The art of Sanford Biggers is a pastiche of cultural signifiers, stacking symbols and tropes from the African-American experience together for a wide contextual palette of juxtapositions. Such is the nature of Blossom, seeing its Brooklyn debut as part of Sanford Biggers: Sweet Funk—An Introspective at the Brooklyn Museum. Referencing lynchings, Buddhist enlightenment, and the artist’s musical identity, all while making conscious aesthetic and situational ties to the early 20th century landscapes of the American West, the poetic piece functions as an example of Biggers’ densely multi-cultural work that speaks to both broad senses of American identity and the artist’s own personal experience.


Sanford Biggers, Blossom (2007)


Sanford Biggers, Bound (Triptych) 2009


Sanford Biggers, Bittersweet The Fruit (Video Still) (2002)

In one interactive work, titled Kalimba II, visitors are invited to sit at one half of a keyboard, cut in half by a large wall, and perform a duet with the unseen partner on the other side, illustrating the fractured harmony of a heritage split forcefully apart by slavery.
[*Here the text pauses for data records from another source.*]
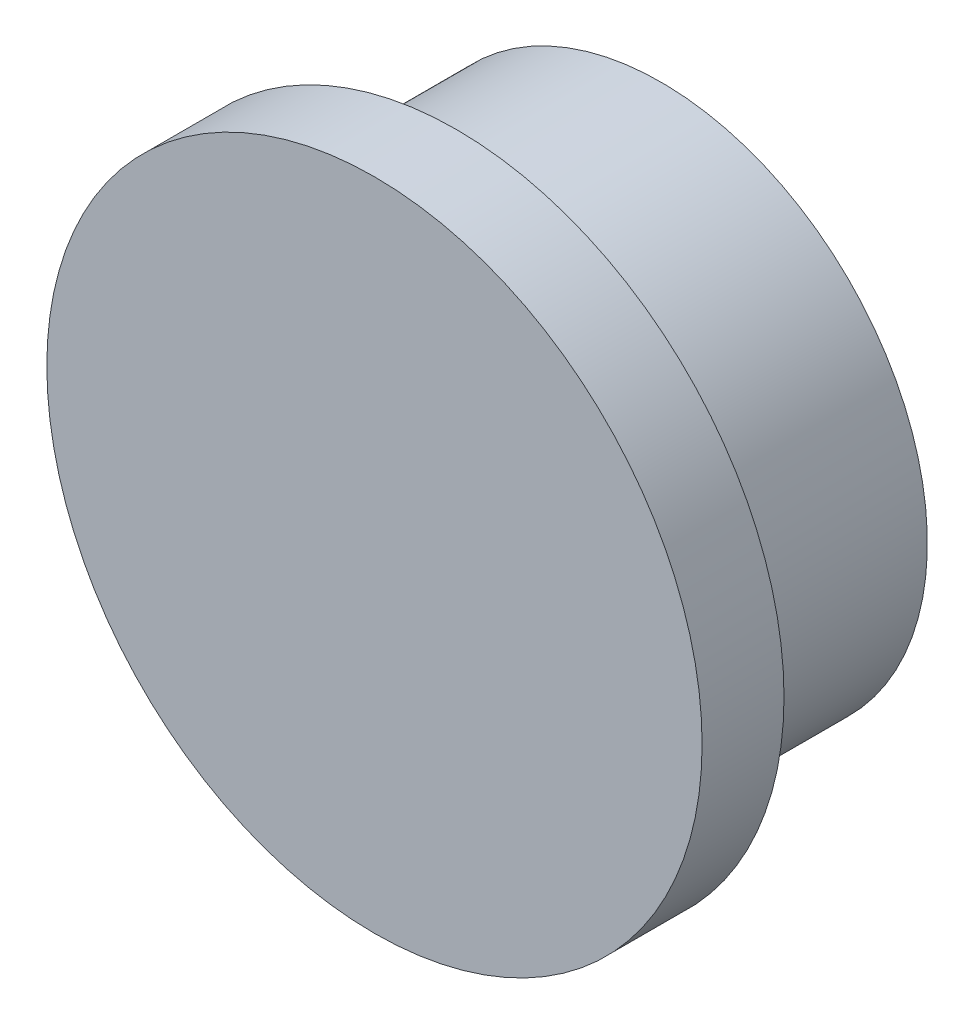
from build123d import *

# Parameters (mm, degrees)
SKETCH1_R           = 12
BOSS_EXTRUDE1_DEPTH = 3
SKETCH2_R           = 9.75
BOSS_EXTRUDE2_DEPTH = 7.5
SKETCH3_R           = 1.5
CUT_EXTRUDE1_DEPTH  = 5


with BuildPart() as part:
    # Sketch1 → Boss-Extrude1 (new body)
    with BuildSketch(Plane.XY):
        with Locations((-127.992538975, 40.103259291)):
            Circle(SKETCH1_R)
    extrude(amount=BOSS_EXTRUDE1_DEPTH)

    # Sketch2 → Boss-Extrude2 (add)
    with BuildSketch(Plane(origin=(0, 0, 0), x_dir=(-1, 0, 0), z_dir=(0, 0, -1))):
        with Locations((127.992538975, 40.103259291)):
            Circle(SKETCH2_R)
    extrude(amount=BOSS_EXTRUDE2_DEPTH)

    # Sketch3 → Cut-Extrude1 (cut)
    with BuildSketch(Plane(origin=(0, 0, -7.5), x_dir=(-1, 0, 0), z_dir=(0, 0, -1))):
        with Locations((127.992538975, 40.103259291)):
            Circle(SKETCH3_R)
    extrude(amount=-CUT_EXTRUDE1_DEPTH, mode=Mode.SUBTRACT)


solid = part.part
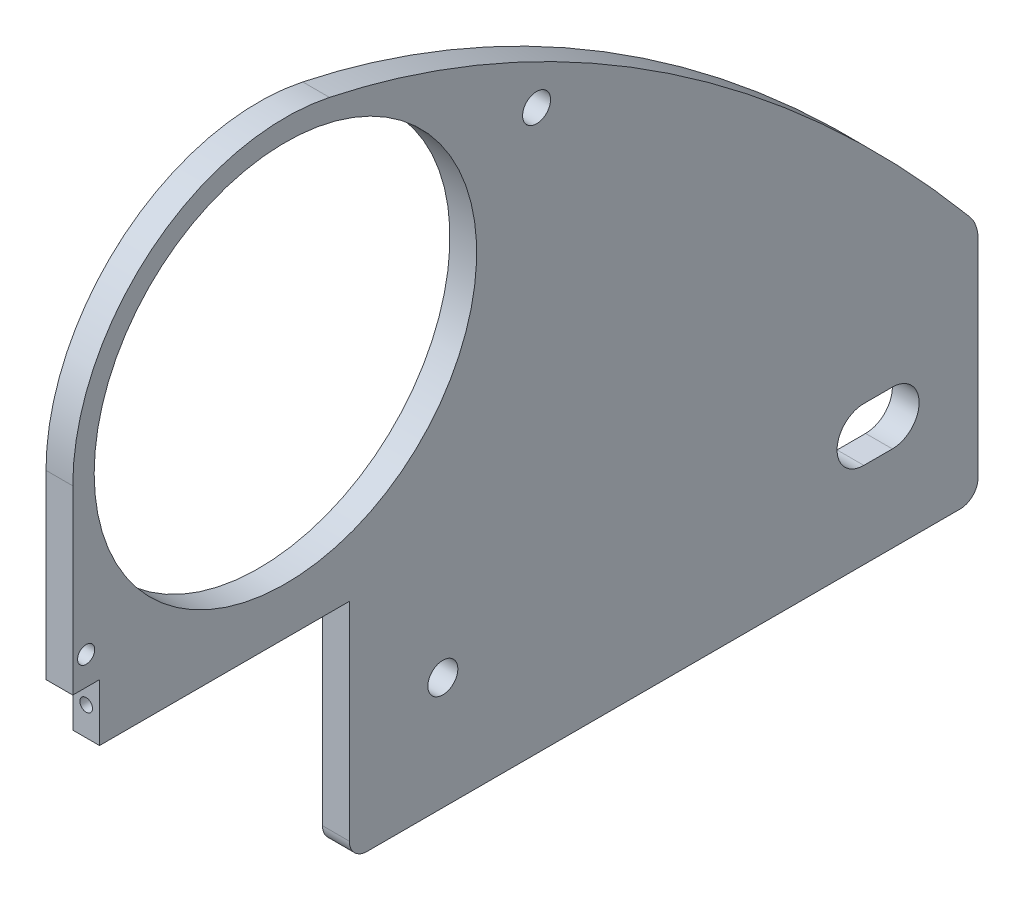
from build123d import *

# Parameters (mm, degrees)
SKETCH1_R           = 1.524
SKETCH1_R_2         = 2.4892
SKETCH1_R_3         = 2.667
SKETCH1_R_4         = 34.04
BOSS_EXTRUDE1_DEPTH = 4.7625
SKETCH2_R           = 1.1303
CUT_EXTRUDE1_DEPTH  = 6.35


with BuildPart() as part:
    # Sketch1 → Boss-Extrude1 (new body)
    with BuildSketch(Plane(origin=(0, 0, 0), x_dir=(0, 0, -1), z_dir=(1, 0, 0))):
        with BuildLine():
            Line((-28.170295117, 0), (77.382795117, 0))
            ThreePointArc((77.382795117, 0), (79.627859148, 0.92993597), (80.557795117, 3.175))
            Line((80.557795117, 3.175), (80.557795117, 40.132))
            ThreePointArc((80.557795117, 40.132), (80.175158576, 42.302961389), (79.073362565, 44.212288398))
            add(Edge.make_bspline(
                [(-34.867281509, 119.579027078), (-0.058341562, 112.208593965), (41.263784204, 89.298575374), (79.073362565, 44.212288398)],
                knots=[0, 0, 0, 0, 1, 1, 1, 1], degree=3))
            ThreePointArc((-34.867281509, 119.579027078), (-66.539067219, 111.95566221), (-80.557795117, 82.55))
            Line((-80.557795117, 82.55), (-80.557795117, 50.292))
            Line((-80.557795117, 50.292), (-75.795295117, 50.292))
            Line((-75.795295117, 50.292), (-75.795295117, 40.132))
            Line((-75.795295117, 40.132), (-31.345295117, 40.132))
            Line((-31.345295117, 40.132), (-31.345295117, 3.175))
            ThreePointArc((-31.345295117, 3.175), (-30.415359148, 0.92993597), (-28.170295117, 0))
        make_face()
        with Locations((-78.176545117, 55.372)):
            Circle(SKETCH1_R, mode=Mode.SUBTRACT)
        with Locations((1.992204883, 99.566852837)):
            Circle(SKETCH1_R_2, mode=Mode.SUBTRACT)
        with Locations((-14.692204883, 20.066)):
            Circle(SKETCH1_R_3, mode=Mode.SUBTRACT)
        with Locations((-42.707795117, 82.55)):
            Circle(SKETCH1_R_4, mode=Mode.SUBTRACT)
        with BuildLine():
            Line((65.317795117, 15.3035), (60.237795117, 15.3035))
            ThreePointArc((60.237795117, 15.3035), (55.475295117, 20.066), (60.237795117, 24.8285))
            Line((60.237795117, 24.8285), (65.317795117, 24.8285))
            ThreePointArc((65.317795117, 24.8285), (70.080295117, 20.066), (65.317795117, 15.3035))
        make_face(mode=Mode.SUBTRACT)
    extrude(amount=BOSS_EXTRUDE1_DEPTH)

    # Sketch2 → Cut-Extrude1 (cut)
    with BuildSketch(Plane.XY.offset(75.795295117)):
        with Locations((2.38125, 45.212)):
            Circle(SKETCH2_R)
    extrude(amount=-CUT_EXTRUDE1_DEPTH, mode=Mode.SUBTRACT)


solid = part.part
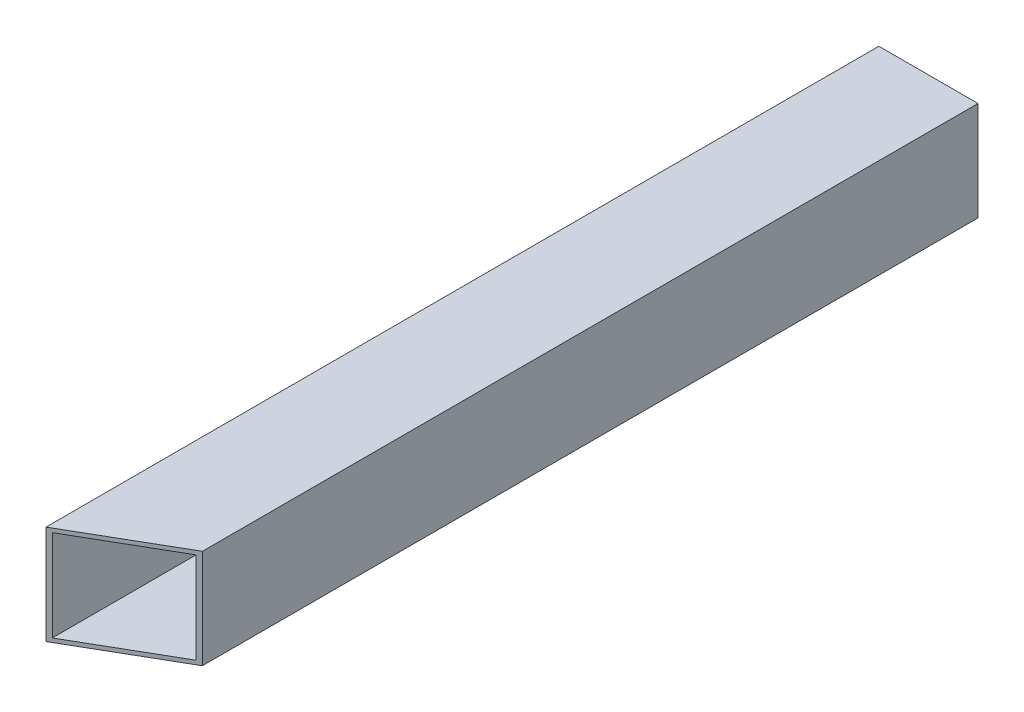
from build123d import *

# Parameters (mm, degrees)
SKETCH2_W           = 25
SKETCH2_H           = 25
SKETCH2_W_2         = 23
SKETCH2_H_2         = 23
BOSS_EXTRUDE1_DEPTH = 210
CUT_EXTRUDE1_DEPTH  = 210


with BuildPart() as part:
    # Sketch2 → Boss-Extrude1 (new body)
    with BuildSketch(Plane.XY):
        Rectangle(SKETCH2_W, SKETCH2_H)
        Rectangle(SKETCH2_W_2, SKETCH2_H_2, mode=Mode.SUBTRACT)
    extrude(amount=BOSS_EXTRUDE1_DEPTH)

    # Sketch3 → Cut-Extrude1 (cut)
    with BuildSketch(Plane(origin=(0, 12.5, 0), x_dir=(1, 0, 0), z_dir=(0, 1, 0))):
        Polygon((12.5, -210), (12.5, -195.56624327), (-12.5, -210), align=None)
    extrude(amount=-CUT_EXTRUDE1_DEPTH, mode=Mode.SUBTRACT)


solid = part.part
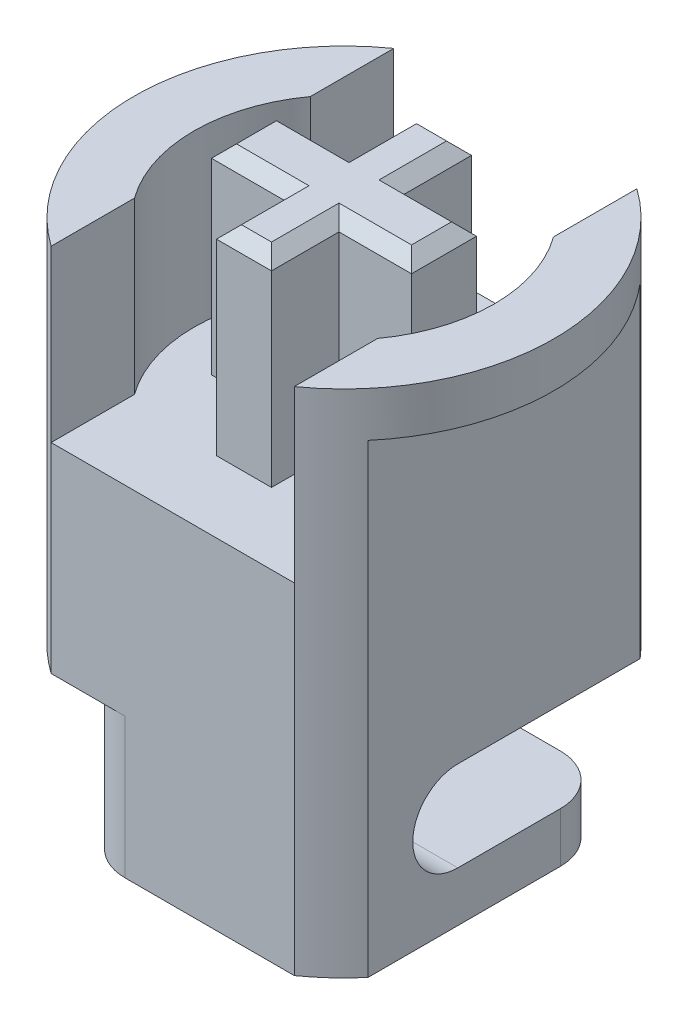
from build123d import *

# Parameters (mm, degrees)
BOSS_EXTRUDE1_DEPTH      = 3.4
BOSS_EXTRUDE1_DEPTH_BACK = 6.8
SKETCH1_R                = 4.2
SKETCH2_R                = 3
CUT_EXTRUDE1_DEPTH       = 10.028842672
CUT_EXTRUDE2_DEPTH       = 2.5
CUT_EXTRUDE2_DEPTH_BACK  = 10.028842672
SKETCH4_OUTSIDE_W        = 13.532
SKETCH4_OUTSIDE_H        = 13.532
SKETCH4_OUTSIDE_W_2      = 6.4
SKETCH4_OUTSIDE_H_2      = 6.85
SKETCH5_W                = 4.861841216
SKETCH5_H                = 8.4
CUT_EXTRUDE3_DEPTH       = 10.028842672
BOSS_EXTRUDE2_DEPTH      = 4
CHAMFER1_SIZE            = 0.25
CUT_EXTRUDE4_DEPTH       = 10.662847665
CUT_EXTRUDE5_DEPTH       = 9.695437022
CUT_EXTRUDE5_DEPTH_BACK  = 9.695437022
FILLET1_R                = 1


with BuildPart() as part:
    # Sketch1 → Boss-Extrude1 (new, two sides: drawn at the far end of the back side and taken through both)
    with BuildSketch(Plane(origin=(0, 0, 0), x_dir=(1, 0, 0), z_dir=(0, 1, 0)).offset(-BOSS_EXTRUDE1_DEPTH_BACK)):
        Circle(SKETCH1_R)
    extrude(amount=BOSS_EXTRUDE1_DEPTH + BOSS_EXTRUDE1_DEPTH_BACK)

    # Sketch2 → Cut-Extrude1 (cut, through all)
    with BuildSketch(Plane(origin=(0, 0, 0), x_dir=(1, 0, 0), z_dir=(0, 1, 0))):
        Circle(SKETCH2_R)
    extrude(amount=CUT_EXTRUDE1_DEPTH, mode=Mode.SUBTRACT)

    # Sketch4 outside → Cut-Extrude2 (cut, two sides: drawn at the far end of the back side and taken through both)
    with BuildSketch(Plane(origin=(0, 0, 0), x_dir=(1, 0, 0), z_dir=(0, 1, 0)).offset(-CUT_EXTRUDE2_DEPTH_BACK)):
        Rectangle(SKETCH4_OUTSIDE_W, SKETCH4_OUTSIDE_H)
        Rectangle(SKETCH4_OUTSIDE_W_2, SKETCH4_OUTSIDE_H_2, mode=Mode.SUBTRACT)
    extrude(amount=CUT_EXTRUDE2_DEPTH + CUT_EXTRUDE2_DEPTH_BACK, mode=Mode.SUBTRACT)

    # Sketch5 → Cut-Extrude3 (cut, through all)
    with BuildSketch(Plane(origin=(0, 0, 0), x_dir=(1, 0, 0), z_dir=(0, 1, 0))):
        Rectangle(SKETCH5_W, SKETCH5_H)
    extrude(amount=CUT_EXTRUDE3_DEPTH, mode=Mode.SUBTRACT)

    # Sketch3 → Boss-Extrude2 (add)
    with BuildSketch(Plane(origin=(0, 0, 0), x_dir=(1, 0, 0), z_dir=(0, 1, 0))):
        Polygon((-0.55, -0.65), (-0.55, -2), (0.55, -2), (0.55, -0.65), (2, -0.65), (2, 0.65), (0.55, 0.65), (0.55, 2), (-0.55, 2), (-0.55, 0.65), (-2, 0.65), (-2, -0.65), align=None)
    extrude(amount=BOSS_EXTRUDE2_DEPTH)

    # Chamfer1
    chamfer1_edges = [part.edges().sort_by_distance(p)[0] for p in [
        (0, 4, -2),
        (0.55, 4, -1.325),
        (1.275, 4, -0.65),
        (2, 4, 0),
        (1.275, 4, 0.65),
        (0.55, 4, 1.325),
        (0, 4, 2),
        (-0.55, 4, 1.325),
        (-1.275, 4, 0.65),
        (-2, 4, 0),
        (-1.275, 4, -0.65),
        (-0.55, 4, -1.325),
    ]]
    chamfer(chamfer1_edges, length=CHAMFER1_SIZE)

    # Sketch7 → Cut-Extrude4 (cut, through all)
    with BuildSketch(Plane(origin=(0, -4, 0), x_dir=(-1, 0, 0), z_dir=(0, -1, 0))):
        Polygon((-3.2, 2.125), (1.95, 2.125), (1.95, -3.425), (3.2, -3.425), (3.2, 2.125), (3.2, 3.425), (-3.2, 3.425), align=None)
    extrude(amount=CUT_EXTRUDE4_DEPTH, mode=Mode.SUBTRACT)

    # Sketch6 → Cut-Extrude5 (cut, two sides: drawn at the far end of the back side and taken through both)
    with BuildSketch(Plane(origin=(0, 0, 0), x_dir=(0, 0, -1), z_dir=(1, 0, 0)).offset(-CUT_EXTRUDE5_DEPTH_BACK)):
        with BuildLine():
            Line((2.125, -4), (-0.925, -4))
            ThreePointArc((-0.925, -4), (-1.825, -4.9), (-0.925, -5.8))
            Line((-0.925, -5.8), (2.125, -5.8))
            Line((2.125, -5.8), (2.125, -4))
        make_face()
    extrude(amount=CUT_EXTRUDE5_DEPTH + CUT_EXTRUDE5_DEPTH_BACK, mode=Mode.SUBTRACT)

    # Fillet1
    fillet1_edges = [part.edges().sort_by_distance(p)[0] for p in [
        (3.2, -6.3, -2.125),
        (-1.95, -6.3, -2.125),
        (-1.95, -5.4, 3.425),
    ]]
    fillet(fillet1_edges, radius=FILLET1_R)


solid = part.part
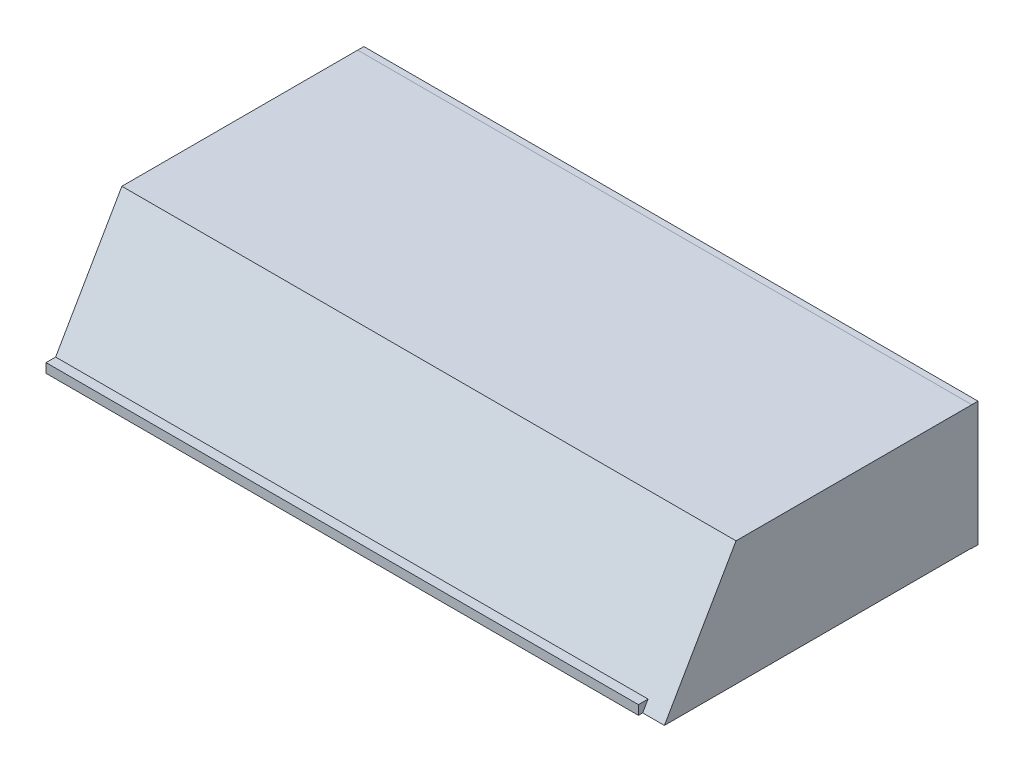
from build123d import *

# Parameters (mm, degrees)
BOSS_EXTRUDE1_DEPTH = 198
SHELL1_T            = -7
BOSS_EXTRUDE2_DEPTH = 191
BOSS_EXTRUDE3_DEPTH = 191
SKETCH4_R           = 1.585
CUT_EXTRUDE1_DEPTH  = 5
SKETCH6_W           = 198
SKETCH6_H           = 40.103607498
BOSS_EXTRUDE4_DEPTH = 2


with BuildPart() as part:
    # Sketch1 → Boss-Extrude1 (new body)
    with BuildSketch(Plane(origin=(0, 0, 0), x_dir=(0, 0, -1), z_dir=(1, 0, 0))):
        Polygon((22.10846405, 0), (32.441807929, 17.899216821), (45.200737204, 39.99998538), (121.214199537, 39.99998538), (121.18, 0), align=None)
    extrude(amount=BOSS_EXTRUDE1_DEPTH)

    # Shell1
    shell1_openings = [part.faces().sort_by_distance(p)[0] for p in [
        (99, 0, -71.644232025),
    ]]
    offset(amount=SHELL1_T, openings=shell1_openings, kind=Kind.INTERSECTION)

    # Sketch2 → Boss-Extrude2 (add)
    with BuildSketch(Plane.ZY):
        Polygon((-30.191216521, 0), (-32.974854852, 0), (-52.025978727, 32.99998538), (-49.242340395, 32.99998538), align=None)
    extrude(amount=-BOSS_EXTRUDE2_DEPTH)

    # Sketch3 → Boss-Extrude3 (add)
    with BuildSketch(Plane.ZY):
        Polygon((-121.18, 0), (-20.738207744, 0), (-20.738207744, 3), (-115.983847577, 3), align=None)
    extrude(amount=-BOSS_EXTRUDE3_DEPTH)

    # Sketch4 → Cut-Extrude1 (cut)
    with BuildSketch(Plane(origin=(0, 3, 0), x_dir=(1, 0, 0), z_dir=(0, 1, 0))):
        with Locations((11, 109.182562408)):
            Circle(SKETCH4_R)
        with Locations((12.010293652, 44.069600053)):
            Circle(SKETCH4_R)
    cut_extrude1 = extrude(amount=-CUT_EXTRUDE1_DEPTH, mode=Mode.SUBTRACT)

    # Mirror1: Cut-Extrude1 across plane
    add(cut_extrude1.mirror(Plane(origin=(99, 0, 0), x_dir=(0, 0, 1), z_dir=(1, 0, 0))), mode=Mode.SUBTRACT)

    # Sketch6 → Boss-Extrude4 (add)
    with BuildSketch(Plane(origin=(0, -0.10360746, -121.179911417), x_dir=(-1, 0, 0), z_dir=(0, -0.0008549884286730706, -0.9999996344973268))):
        with Locations((-99, 20.051803749)):
            Rectangle(SKETCH6_W, SKETCH6_H)
    extrude(amount=BOSS_EXTRUDE4_DEPTH)


solid = part.part

Sanford Biggers, Seen (video still) (2009)

The show, Biggers’ first in New York, features a number of similarly focused works, drawing from the artist’s broad vocabulary of sculpture, music, installation, performance, video and photography. Ranging from redemptive to condemning to celebratory, the pieces on view serve as spaces in which the reconciliation, incorporation and representation of the African-American experience play out in a Dadaist harmony.


Sanford Biggers, Calenda (Big Ass Bang!) (2004)


Sanford Biggers, UGRR:US2.2 (2009–10)

– D. Creahan

Related Links:

Exhibition Site [Brooklyn Museum]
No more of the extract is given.